Vale a pena examinar o registo histórico e recordar os benefícios e a fundamentação das actividades da zona cinzenta que mantiveram as nações fora dos combates cinéticos, permitiram o envolvimento desescalado, possivelmente encurtaram a guerra e salvaram vidas. Exemplos: A operação Cavalo de Tróia explorou muitos dos instrumentos de uma campanha na zona cinzenta – criando confusão e divisão entre o inimigo, estendendo incentivos ostensivos, implantando forças militares ocultas, engano e infiltração clandestina no território inimigo. Durante a Guerra do Peloponeso entre Atenas e Esparta, os espartanos reconheceram que precisavam evitar uma revolta dos hilotas, que eram fundamentais para os sistemas agrícolas e militares de Esparta.
Os atenienses tentavam criar as condições para uma revolta helota, que acrescentaria então uma dimensão irregular ao conflito convencional com Esparta. Os atenienses usaram forças por procuração que eram especialistas na língua e cultura dos hilotas para semear a desconfiança entre os hilotas contra os espartanos. Os hilotas começaram a abandonar as forças espartanas, criando assim uma emergência nacional em Esparta. O historiador ateniense Tucídides relatou que, como resultado da perda do apoio de Helot, Esparta procurou Atenas para discutir o fim das guerras. O Império Han usou o engajamento econômico e cultural - como acordos comerciais, alianças matrimoniais e intercâmbios culturais - para administrar tensões com poderes nômades.

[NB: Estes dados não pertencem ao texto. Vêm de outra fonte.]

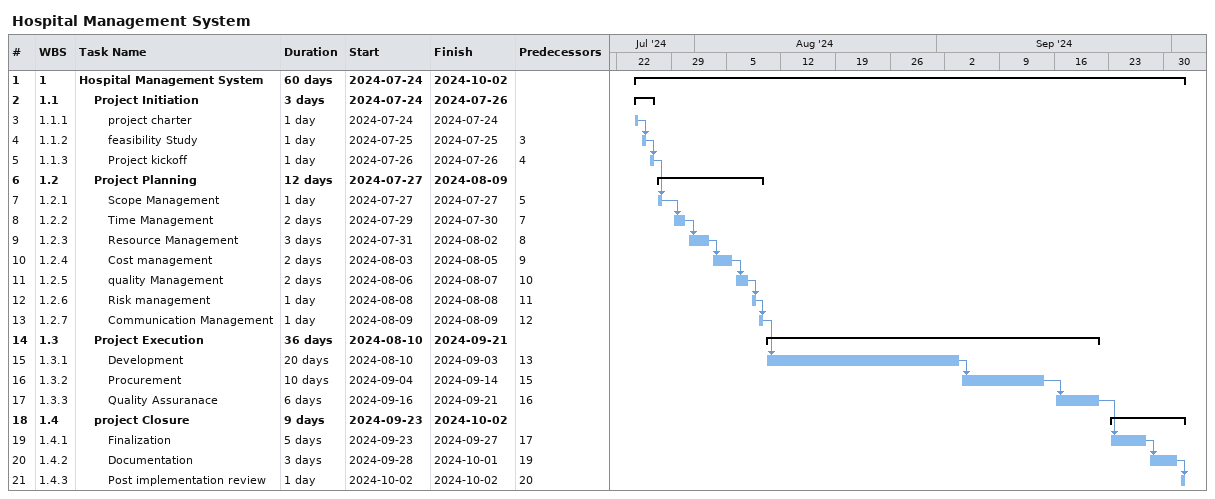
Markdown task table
Hospital Management System

| ID | WBS | Task | Duration | Start | Finish | Predecessors |
|---|---|---|---|---|---|---|
| 1 | 1 | **Hospital Management System** | 60d | 2024-07-24 | 2024-10-02 |  |
| 2 | 1.1 | **Project Initiation** | 3d | 2024-07-24 | 2024-07-26 |  |
| 3 | 1.1.1 | project charter | 1d | 2024-07-24 | 2024-07-24 |  |
| 4 | 1.1.2 | feasibility Study | 1d | 2024-07-25 | 2024-07-25 | 3 |
| 5 | 1.1.3 | Project kickoff | 1d | 2024-07-26 | 2024-07-26 | 4 |
| 6 | 1.2 | **Project Planning** | 12d | 2024-07-27 | 2024-08-09 |  |
| 7 | 1.2.1 | Scope Management | 1d | 2024-07-27 | 2024-07-27 | 5 |
| 8 | 1.2.2 | Time Management | 2d | 2024-07-29 | 2024-07-30 | 7 |
| 9 | 1.2.3 | Resource Management | 3d | 2024-07-31 | 2024-08-02 | 8 |
| 10 | 1.2.4 | Cost management | 2d | 2024-08-03 | 2024-08-05 | 9 |
| 11 | 1.2.5 | quality Management | 2d | 2024-08-06 | 2024-08-07 | 10 |
| 12 | 1.2.6 | Risk management | 1d | 2024-08-08 | 2024-08-08 | 11 |
| 13 | 1.2.7 | Communication Management | 1d | 2024-08-09 | 2024-08-09 | 12 |
| 14 | 1.3 | **Project Execution** | 36d | 2024-08-10 | 2024-09-21 |  |
| 15 | 1.3.1 | Development | 20d | 2024-08-10 | 2024-09-03 | 13 |
| 16 | 1.3.2 | Procurement | 10d | 2024-09-04 | 2024-09-14 | 15 |
| 17 | 1.3.3 | Quality Assuranace | 6d | 2024-09-16 | 2024-09-21 | 16 |
| 18 | 1.4 | **project Closure** | 9d | 2024-09-23 | 2024-10-02 |  |
| 19 | 1.4.1 | Finalization | 5d | 2024-09-23 | 2024-09-27 | 17 |
| 20 | 1.4.2 | Documentation | 3d | 2024-09-28 | 2024-10-01 | 19 |
| 21 | 1.4.3 | Post implementation review | 1d | 2024-10-02 | 2024-10-02 | 20 |

Essas ações ajudaram a proteger as fronteiras e reduzir a necessidade de guerras em grande escala Durante a Guerra Fria, superpotências como os EUA e a URSS se envolveram em táticas de zona cinzenta, como espionagem, sabotagem e apoio por procuração para influenciar os resultados em regiões como América Latina, Coréia e Vietnã. Essas medidas ativas, como eram chamadas, mantiveram a competição um espaço contestado, evitando a escalada imediata com os EUA.